'''

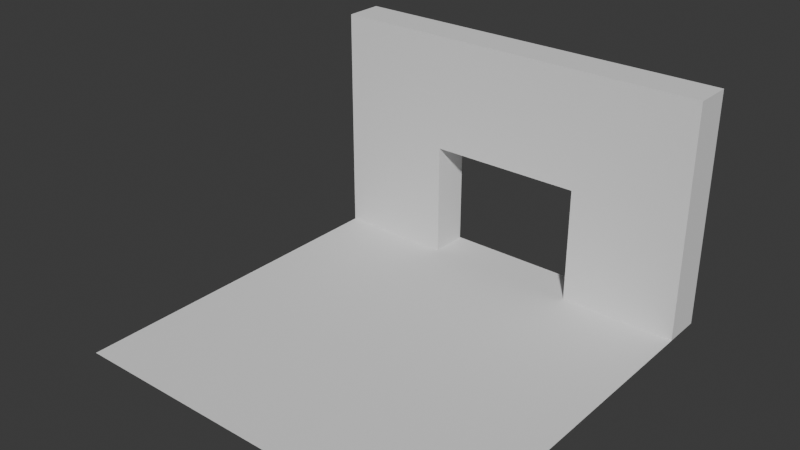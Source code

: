 # Source: outside.blend  (saved by Blender 4.0.36; exported with 4.5.12 LTS)
import bpy
from mathutils import Matrix  # noqa: F401  (used for matrix-valued properties, if any)

bpy.ops.wm.read_factory_settings(use_empty=True)
scene = bpy.context.scene
scene.name = 'Scene'

# ---- collections
col_collection = bpy.data.collections.new('Collection'); scene.collection.children.link(col_collection)

# ---- world
world_world = bpy.data.worlds.new('World'); scene.world = world_world
world_world.use_nodes = True; world_world.node_tree.nodes.clear()
_N = world_world.node_tree.nodes; _L = world_world.node_tree.links
n0 = _N.new('ShaderNodeOutputWorld'); n0.name = 'World Output'; n0.location = (300, 300)
n1 = _N.new('ShaderNodeBackground'); n1.name = 'Background'; n1.location = (10, 300)
n1.inputs[0].default_value = (0.05088, 0.05088, 0.05088, 1.0)
_L.new(n1.outputs[0], n0.inputs[0])
n0.is_active_output = True
world_world.color = (0.05088, 0.05088, 0.05088)
world_world.use_sun_shadow = False
world_world.sun_shadow_jitter_overblur = 0.0

# ---- meshes
me_plane_001 = bpy.data.meshes.new('Plane.001')
me_plane_001.from_pydata([(-5.0, -5.0, 0.0), (5.0, -5.0, 0.0), (-5.0, 5.0, 0.0), (5.0, 5.0, 0.0)], [], [(0, 1, 3, 2)])
_uv = me_plane_001.uv_layers.new(name='UVMap')
_uv.uv.foreach_set('vector', [0.0, 0.0, 1.0, 0.0, 1.0, 1.0, 0.0, 1.0])
me_plane_001.update()
me_cube_002 = bpy.data.meshes.new('Cube.002')
me_cube_002.from_pydata([(-5.0, 0.0, 0.0), (-2.0, 0.0, 0.0), (-5.0, 0.0, 6.0), (-2.0, 0.0, 3.0), (-5.0, 1.0, 0.0), (-2.0, 1.0, 0.0), (-5.0, 1.0, 6.0), (-2.0, 1.0, 3.0), (5.0, 0.0, 0.0), (2.0, 0.0, 0.0), (5.0, 0.0, 6.0), (2.0, 0.0, 3.0), (5.0, 1.0, 0.0), (2.0, 1.0, 0.0), (5.0, 1.0, 6.0), (2.0, 1.0, 3.0)], [], [(0, 2, 6, 4), (5, 4, 6, 14, 12, 13, 15, 7), (12, 14, 10, 8), (9, 8, 10, 2, 0, 1, 3, 11), (12, 8, 9, 13), (1, 0, 4, 5), (14, 6, 2, 10), (5, 7, 3, 1), (11, 15, 13, 9), (3, 7, 15, 11)])
_uv = me_cube_002.uv_layers.new(name='UVMap')
_uv.uv.foreach_set('vector', [0.375, 0.0, 0.625, 0.0, 0.625, 0.25, 0.375, 0.25, 0.375, 0.325, 0.375, 0.25, 0.625, 0.25, 0.625, 0.5, 0.375, 0.5, 0.375, 0.425, 0.5, 0.425, 0.5, 0.325, 0.375, 0.5, 0.625, 0.5, 0.625, 0.75, 0.375, 0.75, 0.375, 0.825, 0.375, 0.75, 0.625, 0.75, 0.625, 1.0, 0.375, 1.0, 0.375, 0.925, 0.5, 0.925, 0.5, 0.825, 0.375, 0.5, 0.375, 0.75, 0.3, 0.75, 0.3, 0.5, 0.2, 0.75, 0.125, 0.75, 0.125, 0.5, 0.2, 0.5, 0.625, 0.5, 0.875, 0.5, 0.875, 0.75, 0.625, 0.75, 0.375, 0.25, 0.625, 0.25, 0.625, 0.0, 0.375, 0.0, 0.625, 0.75, 0.625, 0.5, 0.375, 0.5, 0.375, 0.75, 0.875, 0.75, 0.875, 0.5, 0.625, 0.5, 0.625, 0.75])
me_cube_002.update()

# ---- objects
ob_plane = bpy.data.objects.new('Plane', me_plane_001)
ob_cube_001 = bpy.data.objects.new('Cube.001', me_cube_002)

# ---- transforms, parenting, visibility, modifiers, constraints
ob_plane.location = (0.0, 0.0, 0.0)
ob_cube_001.location = (0.0, 4.0, 0.0)

# ---- collection membership
col_collection.objects.link(ob_plane)
col_collection.objects.link(ob_cube_001)

# ---- scene / render settings (as saved in the file)
scene.frame_start = 1; scene.frame_end = 250; scene.frame_set(1)
scene.render.engine = 'BLENDER_EEVEE_NEXT'
scene.cycles.sampling_pattern = 'TABULATED_SOBOL'
bpy.context.view_layer.update()

# ---- added for rendering (the .blend has no active camera and no usable light): camera, sun
cam_auto = bpy.data.cameras.new('AutoCamera')
cam_auto.lens = 50.0
cam_auto.sensor_width = 36.0
cam_auto.clip_end = 1000.0
ob_auto_camera = bpy.data.objects.new('AutoCamera', cam_auto)
scene.collection.objects.link(ob_auto_camera)
ob_auto_camera.location = (14.2136, -17.0563, 14.3709)
ob_auto_camera.rotation_euler = (1.09748, -7.21219e-08, 0.694738)
scene.camera = ob_auto_camera
light_auto_sun = bpy.data.lights.new('AutoSun', 'SUN')
light_auto_sun.energy = 3.0
light_auto_sun.angle = 0.0523599
ob_auto_sun = bpy.data.objects.new('AutoSun', light_auto_sun)
scene.collection.objects.link(ob_auto_sun)
ob_auto_sun.rotation_euler = (0.872665, 0.174533, 0.523599)
bpy.context.view_layer.update()

'''

Look above for the line containing "col_collection.objects.link(ob_cube_001)"; copy from it through the last line, exactly, and nothing more.

col_collection.objects.link(ob_cube_001)

# ---- scene / render settings (as saved in the file)
scene.frame_start = 1; scene.frame_end = 250; scene.frame_set(1)
scene.render.engine = 'BLENDER_EEVEE_NEXT'
scene.cycles.sampling_pattern = 'TABULATED_SOBOL'
bpy.context.view_layer.update()

# ---- added for rendering (the .blend has no active camera and no usable light): camera, sun
cam_auto = bpy.data.cameras.new('AutoCamera')
cam_auto.lens = 50.0
cam_auto.sensor_width = 36.0
cam_auto.clip_end = 1000.0
ob_auto_camera = bpy.data.objects.new('AutoCamera', cam_auto)
scene.collection.objects.link(ob_auto_camera)
ob_auto_camera.location = (14.2136, -17.0563, 14.3709)
ob_auto_camera.rotation_euler = (1.09748, -7.21219e-08, 0.694738)
scene.camera = ob_auto_camera
light_auto_sun = bpy.data.lights.new('AutoSun', 'SUN')
light_auto_sun.energy = 3.0
light_auto_sun.angle = 0.0523599
ob_auto_sun = bpy.data.objects.new('AutoSun', light_auto_sun)
scene.collection.objects.link(ob_auto_sun)
ob_auto_sun.rotation_euler = (0.872665, 0.174533, 0.523599)
bpy.context.view_layer.update()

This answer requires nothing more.